Paragraph #3 also contains a large assortment of statements that just plain aren't defendable. Read Robert Gagnon to find such assertions pulverized. The paragraph also has a nearly lethal dose of chronological snobbery thrown in.

Paragraph #4 throws out what Christians have believed until now as irrelevant. We must live in the eternal now, I suppose. The red herrings of slavery and chauvinism are also rendered unconvincing as analogies by Robert Gagnon. Read Gagnon.

Paragraph #5: See paragraph #3 on deconstructionism. The fact is that it is not just I who interpret the Bible as I have, but Christians throughout the centuries, until the recent departures. That's not irrelevant! The misuse of analogy here also just shatters reason: homosexual BEHAVIOR is not analogous to ontological STATE, such as being born a Gentile. Wouldn't we expect a Mafia hit man to cease being a murderer?

Paragraph #6 carries the rich irony of postmodernism's self contradiction: There is no possible way for absolute statements to stand. (Present statement excepted?) Or take this: "I haven't made any disprovable claims." (Except for this one?)

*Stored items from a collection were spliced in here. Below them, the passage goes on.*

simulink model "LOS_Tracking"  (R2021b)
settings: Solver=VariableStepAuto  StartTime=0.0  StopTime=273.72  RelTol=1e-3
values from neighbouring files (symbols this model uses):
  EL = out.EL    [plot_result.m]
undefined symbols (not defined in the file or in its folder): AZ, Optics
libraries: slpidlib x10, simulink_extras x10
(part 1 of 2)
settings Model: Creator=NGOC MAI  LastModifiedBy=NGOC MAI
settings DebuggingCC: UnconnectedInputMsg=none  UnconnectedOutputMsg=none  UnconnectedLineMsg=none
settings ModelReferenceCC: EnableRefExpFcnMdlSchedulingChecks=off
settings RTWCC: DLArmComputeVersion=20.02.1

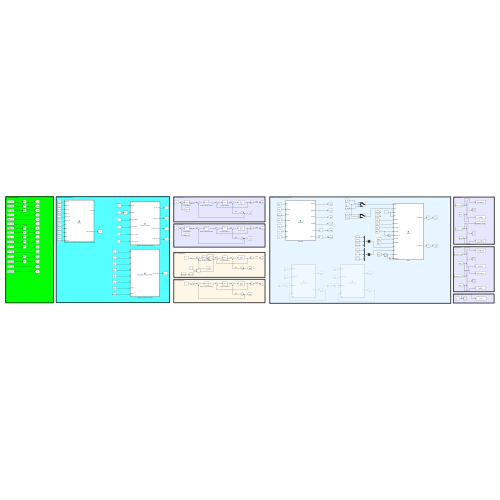
[thumbnail: Simulink's stored preview of the top-level diagram]
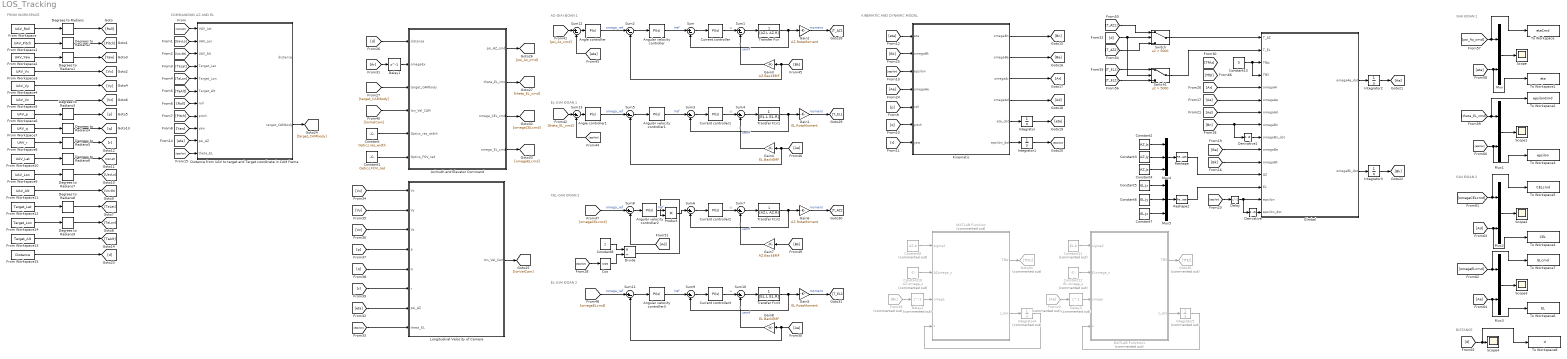
== system LOS_Tracking ==
  note: DISTANCE
  note: GIAI ĐOẠN 2
  note: GIAI ĐOẠN 1
  note: COMMANDING AZ AND EL
  note: FROM WORKSPACE
  note: KINEMATIC AND DYNAMIC MODEL
  note: AZ-GIAI ĐOẠN 1
  note: EL-GIAI ĐOẠN 1
  note: EL-GIAI ĐOẠN 2
  note: CEL-GIAI ĐOẠN 2
  Angle controller : slpidlib/PID Controller  Controller=P  Form=Parallel  TimeDomain=Continuous-time  UseExternalTs=off  SampleTime=-1  IntegratorMethod=Forward Euler  FilterMethod=Forward Euler  ControllerParametersSource=internal  P=AZ.KPpos  I=1  D=0  N=100  UseFilter=on  TunerSelectOption=Transfer Function Based (PID Tuner App)  InitialConditionSource=internal  InitialConditionForIntegrator=0  InitialConditionForFilter=0  DifferentiatorICPrevScaledInput=0  ExternalReset=none  TrackingMode=off  Kt=1  LimitOutput=off  SatLimitsSource=internal  UpperSaturationLimit=inf  LowerSaturationLimit=-inf  LinearizeAsGain=on  AntiWindupMode=none  Kb=1  POutMin=[]  POutMax=[]  IOutMin=[]  IOutMax=[]  DOutMin=[]  DOutMax=[]  NOutMin=[]  NOutMax=[]  SumOutMin=[]  SumOutMax=[]  SaturationOutMin=[]  SaturationOutMax=[]  PParamMin=[]  PParamMax=[]  IParamMin=[]  IParamMax=[]  DParamMin=[]  DParamMax=[]  NParamMin=[]  NParamMax=[]  KbParamMin=[]  KbParamMax=[]  KtParamMin=[]  KtParamMax=[]  KbOutMin=[]  KbOutMax=[]  KtOutMin=[]  KtOutMax=[]  IntegratorOutMin=[]  IntegratorOutMax=[]  FilterOutMin=[]  FilterOutMax=[]  SumI1OutMin=[]  SumI1OutMax=[]  SumI2OutMin=[]  SumI2OutMax=[]  SumI3OutMin=[]  SumI3OutMax=[]  SumI4OutMin=[]  SumI4OutMax=[]  SumDOutMin=[]  SumDOutMax=[]  DifferentiatorOutMin=[]  DifferentiatorOutMax=[]  FilterDiffOutCoefMin=[]  FilterDiffOutCoefMax=[]  ReciprocalOutMin=[]  ReciprocalOutMax=[]  SumDenOutMin=[]  SumDenOutMax=[]  SumNumOutMin=[]  SumNumOutMax=[]  DivideOutMin=[]  DivideOutMax=[]  UdiffTsProdOutMin=[]  UdiffTsProdOutMax=[]  NTsProdOutMin=[]  NTsProdOutMax=[]  UintegralTsProdOutMin=[]  UintegralTsProdOutMax=[]  UngainTsProdOutMin=[]  UngainTsProdOutMax=[]  IntegratorContinuousStateAttributes=''  IntegratorStateMustResolveToSignalObject=off  IntegratorRTWStateStorageClass=Auto  FilterContinuousStateAttributes=''  FilterStateMustResolveToSignalObject=off  FilterRTWStateStorageClass=Auto  ParallelPVariant=InternalParameters  IdealPVariant=Disabled  IVariant=Disabled  DVariant=Disabled  IntegratorVariant=Disabled  SatVariant=Disabled  AWVariant=Disabled  PCopyVariant=Disabled  TRVariant=Disabled  FdbkBlocksVariant=Forward  IdealPFdbkVariant=Disabled  SatFdbkVariant=Disabled  DerivativeFilterVariant=Disabled  NVariant=Disabled  NCopyVariant=Disabled_SignalSpec  FilterICVariant=Disabled  IntegratorICVariant=Disabled  ExternalResetVariant=Disabled  TRSumVariant=Passthrough  SumFdbkVariant=Disabled  SumVariant=Passthrough_P  TsampFilterVariant=InternalTs  TsampNgainVariant=Passthrough  TsampIntegralVariant=Disabled_SignalSpec  ExternalSaturationOutDataTypeStr=Inherit: Same as second input
  Angle controller1 : slpidlib/PID Controller  Controller=P  Form=Parallel  TimeDomain=Continuous-time  UseExternalTs=off  SampleTime=-1  IntegratorMethod=Forward Euler  FilterMethod=Forward Euler  ControllerParametersSource=internal  P=EL.KPpos  I=1  D=0  N=100  UseFilter=on  TunerSelectOption=Transfer Function Based (PID Tuner App)  InitialConditionSource=internal  InitialConditionForIntegrator=0  InitialConditionForFilter=0  DifferentiatorICPrevScaledInput=0  ExternalReset=none  TrackingMode=off  Kt=1  LimitOutput=off  SatLimitsSource=internal  UpperSaturationLimit=inf  LowerSaturationLimit=-inf  LinearizeAsGain=on  AntiWindupMode=none  Kb=1  POutMin=[]  POutMax=[]  IOutMin=[]  IOutMax=[]  DOutMin=[]  DOutMax=[]  NOutMin=[]  NOutMax=[]  SumOutMin=[]  SumOutMax=[]  SaturationOutMin=[]  SaturationOutMax=[]  PParamMin=[]  PParamMax=[]  IParamMin=[]  IParamMax=[]  DParamMin=[]  DParamMax=[]  NParamMin=[]  NParamMax=[]  KbParamMin=[]  KbParamMax=[]  KtParamMin=[]  KtParamMax=[]  KbOutMin=[]  KbOutMax=[]  KtOutMin=[]  KtOutMax=[]  IntegratorOutMin=[]  IntegratorOutMax=[]  FilterOutMin=[]  FilterOutMax=[]  SumI1OutMin=[]  SumI1OutMax=[]  SumI2OutMin=[]  SumI2OutMax=[]  SumI3OutMin=[]  SumI3OutMax=[]  SumI4OutMin=[]  SumI4OutMax=[]  SumDOutMin=[]  SumDOutMax=[]  DifferentiatorOutMin=[]  DifferentiatorOutMax=[]  FilterDiffOutCoefMin=[]  FilterDiffOutCoefMax=[]  ReciprocalOutMin=[]  ReciprocalOutMax=[]  SumDenOutMin=[]  SumDenOutMax=[]  SumNumOutMin=[]  SumNumOutMax=[]  DivideOutMin=[]  DivideOutMax=[]  UdiffTsProdOutMin=[]  UdiffTsProdOutMax=[]  NTsProdOutMin=[]  NTsProdOutMax=[]  UintegralTsProdOutMin=[]  UintegralTsProdOutMax=[]  UngainTsProdOutMin=[]  UngainTsProdOutMax=[]  IntegratorContinuousStateAttributes=''  IntegratorStateMustResolveToSignalObject=off  IntegratorRTWStateStorageClass=Auto  FilterContinuousStateAttributes=''  FilterStateMustResolveToSignalObject=off  FilterRTWStateStorageClass=Auto  ParallelPVariant=InternalParameters  IdealPVariant=Disabled  IVariant=Disabled  DVariant=Disabled  IntegratorVariant=Disabled  SatVariant=Disabled  AWVariant=Disabled  PCopyVariant=Disabled  TRVariant=Disabled  FdbkBlocksVariant=Forward  IdealPFdbkVariant=Disabled  SatFdbkVariant=Disabled  DerivativeFilterVariant=Disabled  NVariant=Disabled  NCopyVariant=Disabled_SignalSpec  FilterICVariant=Disabled  IntegratorICVariant=Disabled  ExternalResetVariant=Disabled  TRSumVariant=Passthrough  SumFdbkVariant=Disabled  SumVariant=Passthrough_P  TsampFilterVariant=InternalTs  TsampNgainVariant=Passthrough  TsampIntegralVariant=Disabled_SignalSpec  ExternalSaturationOutDataTypeStr=Inherit: Same as second input
  Angular velocity controller : slpidlib/PID Controller  Controller=PI  Form=Parallel  TimeDomain=Continuous-time  UseExternalTs=off  SampleTime=-1  IntegratorMethod=Forward Euler  FilterMethod=Forward Euler  ControllerParametersSource=internal  P=AZ.KPvel  I=AZ.KIvel  D=0  N=100  UseFilter=on  TunerSelectOption=Transfer Function Based (PID Tuner App)  InitialConditionSource=internal  InitialConditionForIntegrator=0  InitialConditionForFilter=0  DifferentiatorICPrevScaledInput=0  ExternalReset=none  TrackingMode=off  Kt=1  LimitOutput=off  SatLimitsSource=internal  UpperSaturationLimit=inf  LowerSaturationLimit=-inf  LinearizeAsGain=on  AntiWindupMode=none  Kb=1  POutMin=[]  POutMax=[]  IOutMin=[]  IOutMax=[]  DOutMin=[]  DOutMax=[]  NOutMin=[]  NOutMax=[]  SumOutMin=[]  SumOutMax=[]  SaturationOutMin=[]  SaturationOutMax=[]  PParamMin=[]  PParamMax=[]  IParamMin=[]  IParamMax=[]  DParamMin=[]  DParamMax=[]  NParamMin=[]  NParamMax=[]  KbParamMin=[]  KbParamMax=[]  KtParamMin=[]  KtParamMax=[]  KbOutMin=[]  KbOutMax=[]  KtOutMin=[]  KtOutMax=[]  IntegratorOutMin=[]  IntegratorOutMax=[]  FilterOutMin=[]  FilterOutMax=[]  SumI1OutMin=[]  SumI1OutMax=[]  SumI2OutMin=[]  SumI2OutMax=[]  SumI3OutMin=[]  SumI3OutMax=[]  SumI4OutMin=[]  SumI4OutMax=[]  SumDOutMin=[]  SumDOutMax=[]  DifferentiatorOutMin=[]  DifferentiatorOutMax=[]  FilterDiffOutCoefMin=[]  FilterDiffOutCoefMax=[]  ReciprocalOutMin=[]  ReciprocalOutMax=[]  SumDenOutMin=[]  SumDenOutMax=[]  SumNumOutMin=[]  SumNumOutMax=[]  DivideOutMin=[]  DivideOutMax=[]  UdiffTsProdOutMin=[]  UdiffTsProdOutMax=[]  NTsProdOutMin=[]  NTsProdOutMax=[]  UintegralTsProdOutMin=[]  UintegralTsProdOutMax=[]  UngainTsProdOutMin=[]  UngainTsProdOutMax=[]  IntegratorContinuousStateAttributes=''  IntegratorStateMustResolveToSignalObject=off  IntegratorRTWStateStorageClass=Auto  FilterContinuousStateAttributes=''  FilterStateMustResolveToSignalObject=off  FilterRTWStateStorageClass=Auto  ParallelPVariant=InternalParameters  IdealPVariant=Disabled  IVariant=InternalParameters  DVariant=Disabled  IntegratorVariant=Continuous  SatVariant=Disabled  AWVariant=Passthrough  PCopyVariant=Disabled  TRVariant=Disabled  FdbkBlocksVariant=Forward  IdealPFdbkVariant=Disabled  SatFdbkVariant=Disabled  DerivativeFilterVariant=Disabled  NVariant=Disabled  NCopyVariant=Disabled_SignalSpec  FilterICVariant=Disabled  IntegratorICVariant=InternalICs  ExternalResetVariant=Disabled  TRSumVariant=Passthrough  SumFdbkVariant=Disabled  SumVariant=Sum_PI  TsampFilterVariant=InternalTs  TsampNgainVariant=Passthrough  TsampIntegralVariant=Disabled_SignalSpec  ExternalSaturationOutDataTypeStr=Inherit: Same as second input
  Angular velocity controller1 : slpidlib/PID Controller  Controller=PI  Form=Parallel  TimeDomain=Continuous-time  UseExternalTs=off  SampleTime=-1  IntegratorMethod=Forward Euler  FilterMethod=Forward Euler  ControllerParametersSource=internal  P=EL.KPvel  I=EL.KIvel  D=0  N=100  UseFilter=on  TunerSelectOption=Transfer Function Based (PID Tuner App)  InitialConditionSource=internal  InitialConditionForIntegrator=0  InitialConditionForFilter=0  DifferentiatorICPrevScaledInput=0  ExternalReset=none  TrackingMode=off  Kt=1  LimitOutput=off  SatLimitsSource=internal  UpperSaturationLimit=inf  LowerSaturationLimit=-inf  LinearizeAsGain=on  AntiWindupMode=none  Kb=1  POutMin=[]  POutMax=[]  IOutMin=[]  IOutMax=[]  DOutMin=[]  DOutMax=[]  NOutMin=[]  NOutMax=[]  SumOutMin=[]  SumOutMax=[]  SaturationOutMin=[]  SaturationOutMax=[]  PParamMin=[]  PParamMax=[]  IParamMin=[]  IParamMax=[]  DParamMin=[]  DParamMax=[]  NParamMin=[]  NParamMax=[]  KbParamMin=[]  KbParamMax=[]  KtParamMin=[]  KtParamMax=[]  KbOutMin=[]  KbOutMax=[]  KtOutMin=[]  KtOutMax=[]  IntegratorOutMin=[]  IntegratorOutMax=[]  FilterOutMin=[]  FilterOutMax=[]  SumI1OutMin=[]  SumI1OutMax=[]  SumI2OutMin=[]  SumI2OutMax=[]  SumI3OutMin=[]  SumI3OutMax=[]  SumI4OutMin=[]  SumI4OutMax=[]  SumDOutMin=[]  SumDOutMax=[]  DifferentiatorOutMin=[]  DifferentiatorOutMax=[]  FilterDiffOutCoefMin=[]  FilterDiffOutCoefMax=[]  ReciprocalOutMin=[]  ReciprocalOutMax=[]  SumDenOutMin=[]  SumDenOutMax=[]  SumNumOutMin=[]  SumNumOutMax=[]  DivideOutMin=[]  DivideOutMax=[]  UdiffTsProdOutMin=[]  UdiffTsProdOutMax=[]  NTsProdOutMin=[]  NTsProdOutMax=[]  UintegralTsProdOutMin=[]  UintegralTsProdOutMax=[]  UngainTsProdOutMin=[]  UngainTsProdOutMax=[]  IntegratorContinuousStateAttributes=''  IntegratorStateMustResolveToSignalObject=off  IntegratorRTWStateStorageClass=Auto  FilterContinuousStateAttributes=''  FilterStateMustResolveToSignalObject=off  FilterRTWStateStorageClass=Auto  ParallelPVariant=InternalParameters  IdealPVariant=Disabled  IVariant=InternalParameters  DVariant=Disabled  IntegratorVariant=Continuous  SatVariant=Disabled  AWVariant=Passthrough  PCopyVariant=Disabled  TRVariant=Disabled  FdbkBlocksVariant=Forward  IdealPFdbkVariant=Disabled  SatFdbkVariant=Disabled  DerivativeFilterVariant=Disabled  NVariant=Disabled  NCopyVariant=Disabled_SignalSpec  FilterICVariant=Disabled  IntegratorICVariant=InternalICs  ExternalResetVariant=Disabled  TRSumVariant=Passthrough  SumFdbkVariant=Disabled  SumVariant=Sum_PI  TsampFilterVariant=InternalTs  TsampNgainVariant=Passthrough  TsampIntegralVariant=Disabled_SignalSpec  ExternalSaturationOutDataTypeStr=Inherit: Same as second input
  Angular velocity controller2 : slpidlib/PID Controller  Controller=PI  Form=Parallel  TimeDomain=Continuous-time  UseExternalTs=off  SampleTime=-1  IntegratorMethod=Forward Euler  FilterMethod=Forward Euler  ControllerParametersSource=internal  P=AZ.KPvel  I=AZ.KIvel  D=0  N=100  UseFilter=on  TunerSelectOption=Transfer Function Based (PID Tuner App)  InitialConditionSource=internal  InitialConditionForIntegrator=0  InitialConditionForFilter=0  DifferentiatorICPrevScaledInput=0  ExternalReset=none  TrackingMode=off  Kt=1  LimitOutput=off  SatLimitsSource=internal  UpperSaturationLimit=inf  LowerSaturationLimit=-inf  LinearizeAsGain=on  AntiWindupMode=none  Kb=1  POutMin=[]  POutMax=[]  IOutMin=[]  IOutMax=[]  DOutMin=[]  DOutMax=[]  NOutMin=[]  NOutMax=[]  SumOutMin=[]  SumOutMax=[]  SaturationOutMin=[]  SaturationOutMax=[]  PParamMin=[]  PParamMax=[]  IParamMin=[]  IParamMax=[]  DParamMin=[]  DParamMax=[]  NParamMin=[]  NParamMax=[]  KbParamMin=[]  KbParamMax=[]  KtParamMin=[]  KtParamMax=[]  KbOutMin=[]  KbOutMax=[]  KtOutMin=[]  KtOutMax=[]  IntegratorOutMin=[]  IntegratorOutMax=[]  FilterOutMin=[]  FilterOutMax=[]  SumI1OutMin=[]  SumI1OutMax=[]  SumI2OutMin=[]  SumI2OutMax=[]  SumI3OutMin=[]  SumI3OutMax=[]  SumI4OutMin=[]  SumI4OutMax=[]  SumDOutMin=[]  SumDOutMax=[]  DifferentiatorOutMin=[]  DifferentiatorOutMax=[]  FilterDiffOutCoefMin=[]  FilterDiffOutCoefMax=[]  ReciprocalOutMin=[]  ReciprocalOutMax=[]  SumDenOutMin=[]  SumDenOutMax=[]  SumNumOutMin=[]  SumNumOutMax=[]  DivideOutMin=[]  DivideOutMax=[]  UdiffTsProdOutMin=[]  UdiffTsProdOutMax=[]  NTsProdOutMin=[]  NTsProdOutMax=[]  UintegralTsProdOutMin=[]  UintegralTsProdOutMax=[]  UngainTsProdOutMin=[]  UngainTsProdOutMax=[]  IntegratorContinuousStateAttributes=''  IntegratorStateMustResolveToSignalObject=off  IntegratorRTWStateStorageClass=Auto  FilterContinuousStateAttributes=''  FilterStateMustResolveToSignalObject=off  FilterRTWStateStorageClass=Auto  ParallelPVariant=InternalParameters  IdealPVariant=Disabled  IVariant=InternalParameters  DVariant=Disabled  IntegratorVariant=Continuous  SatVariant=Disabled  AWVariant=Passthrough  PCopyVariant=Disabled  TRVariant=Disabled  FdbkBlocksVariant=Forward  IdealPFdbkVariant=Disabled  SatFdbkVariant=Disabled  DerivativeFilterVariant=Disabled  NVariant=Disabled  NCopyVariant=Disabled_SignalSpec  FilterICVariant=Disabled  IntegratorICVariant=InternalICs  ExternalResetVariant=Disabled  TRSumVariant=Passthrough  SumFdbkVariant=Disabled  SumVariant=Sum_PI  TsampFilterVariant=InternalTs  TsampNgainVariant=Passthrough  TsampIntegralVariant=Disabled_SignalSpec  ExternalSaturationOutDataTypeStr=Inherit: Same as second input
  Angular velocity controller3 : slpidlib/PID Controller  Controller=PI  Form=Parallel  TimeDomain=Continuous-time  UseExternalTs=off  SampleTime=-1  IntegratorMethod=Forward Euler  FilterMethod=Forward Euler  ControllerParametersSource=internal  P=EL.KPvel  I=EL.KIvel  D=0  N=100  UseFilter=on  TunerSelectOption=Transfer Function Based (PID Tuner App)  InitialConditionSource=internal  InitialConditionForIntegrator=0  InitialConditionForFilter=0  DifferentiatorICPrevScaledInput=0  ExternalReset=none  TrackingMode=off  Kt=1  LimitOutput=off  SatLimitsSource=internal  UpperSaturationLimit=inf  LowerSaturationLimit=-inf  LinearizeAsGain=on  AntiWindupMode=none  Kb=1  POutMin=[]  POutMax=[]  IOutMin=[]  IOutMax=[]  DOutMin=[]  DOutMax=[]  NOutMin=[]  NOutMax=[]  SumOutMin=[]  SumOutMax=[]  SaturationOutMin=[]  SaturationOutMax=[]  PParamMin=[]  PParamMax=[]  IParamMin=[]  IParamMax=[]  DParamMin=[]  DParamMax=[]  NParamMin=[]  NParamMax=[]  KbParamMin=[]  KbParamMax=[]  KtParamMin=[]  KtParamMax=[]  KbOutMin=[]  KbOutMax=[]  KtOutMin=[]  KtOutMax=[]  IntegratorOutMin=[]  IntegratorOutMax=[]  FilterOutMin=[]  FilterOutMax=[]  SumI1OutMin=[]  SumI1OutMax=[]  SumI2OutMin=[]  SumI2OutMax=[]  SumI3OutMin=[]  SumI3OutMax=[]  SumI4OutMin=[]  SumI4OutMax=[]  SumDOutMin=[]  SumDOutMax=[]  DifferentiatorOutMin=[]  DifferentiatorOutMax=[]  FilterDiffOutCoefMin=[]  FilterDiffOutCoefMax=[]  ReciprocalOutMin=[]  ReciprocalOutMax=[]  SumDenOutMin=[]  SumDenOutMax=[]  SumNumOutMin=[]  SumNumOutMax=[]  DivideOutMin=[]  DivideOutMax=[]  UdiffTsProdOutMin=[]  UdiffTsProdOutMax=[]  NTsProdOutMin=[]  NTsProdOutMax=[]  UintegralTsProdOutMin=[]  UintegralTsProdOutMax=[]  UngainTsProdOutMin=[]  UngainTsProdOutMax=[]  IntegratorContinuousStateAttributes=''  IntegratorStateMustResolveToSignalObject=off  IntegratorRTWStateStorageClass=Auto  FilterContinuousStateAttributes=''  FilterStateMustResolveToSignalObject=off  FilterRTWStateStorageClass=Auto  ParallelPVariant=InternalParameters  IdealPVariant=Disabled  IVariant=InternalParameters  DVariant=Disabled  IntegratorVariant=Continuous  SatVariant=Disabled  AWVariant=Passthrough  PCopyVariant=Disabled  TRVariant=Disabled  FdbkBlocksVariant=Forward  IdealPFdbkVariant=Disabled  SatFdbkVariant=Disabled  DerivativeFilterVariant=Disabled  NVariant=Disabled  NCopyVariant=Disabled_SignalSpec  FilterICVariant=Disabled  IntegratorICVariant=InternalICs  ExternalResetVariant=Disabled  TRSumVariant=Passthrough  SumFdbkVariant=Disabled  SumVariant=Sum_PI  TsampFilterVariant=InternalTs  TsampNgainVariant=Passthrough  TsampIntegralVariant=Disabled_SignalSpec  ExternalSaturationOutDataTypeStr=Inherit: Same as second input
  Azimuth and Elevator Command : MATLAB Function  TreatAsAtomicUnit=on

And more on paragraph #6: No one should assume that "the Bible, the tradition and the history" all "agree with me." That's me-centered. It would seem that each of us needs to be sure that we agree with the BIBLE, as it has been attested to by tradition and history. Presbyterians have the added help of our confessions. We don't deviate. We don't free-lance, as if in our own gnostic way, we've come up with some mystery no other Christians before us have figured out, because no one else has been quite as clever as us.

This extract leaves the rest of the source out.